§ **Data in this exercise**:
※

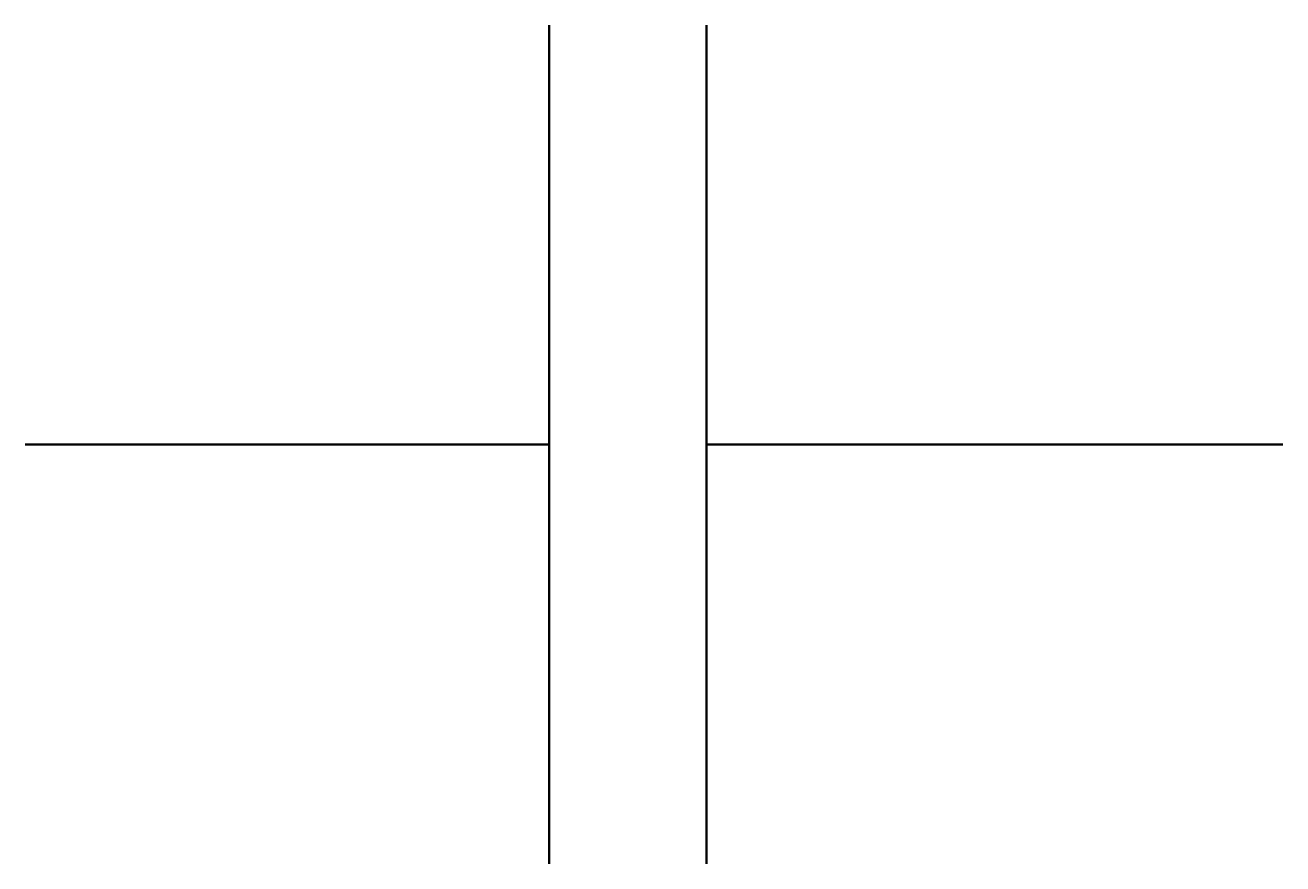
# Model space of a CAD drawing. Extents: x 0 to 12, y 1 to 9.
import ezdxf

# ---------------------------------------------------------------- set-up
doc = ezdxf.new("R2010")
doc.units = 0
doc.layers.get('0').update_dxf_attribs({"linetype": 'CONTINUOUS'})

msp = doc.modelspace()

# ---------------------------------------------------------------- linework, layer by layer
at = {"linetype": 'CONTINUOUS', "lineweight": 50}
for p, q in [((5, 1), (5, 9)), ((6.5, 1), (6.5, 9)), ((0, 5), (5, 5)), ((6.5, 5), (12, 5))]:
    msp.add_line(p, q, dxfattribs=at)

doc.saveas('drawing.dxf')

※

§ **Your task**:
Could the data be reproduced exactly, with the pictures omitted?

§ **Answer below**:
# Model space of a CAD drawing. Extents: x 0 to 12, y 1 to 9.
import ezdxf

# ---------------------------------------------------------------- set-up
doc = ezdxf.new("R2010")
doc.units = 0
doc.layers.get('0').update_dxf_attribs({"linetype": 'CONTINUOUS'})

msp = doc.modelspace()

# ---------------------------------------------------------------- linework, layer by layer
at = {"linetype": 'CONTINUOUS', "lineweight": 50}
for p, q in [((5, 1), (5, 9)), ((6.5, 1), (6.5, 9)), ((0, 5), (5, 5)), ((6.5, 5), (12, 5))]:
    msp.add_line(p, q, dxfattribs=at)

doc.saveas('drawing.dxf')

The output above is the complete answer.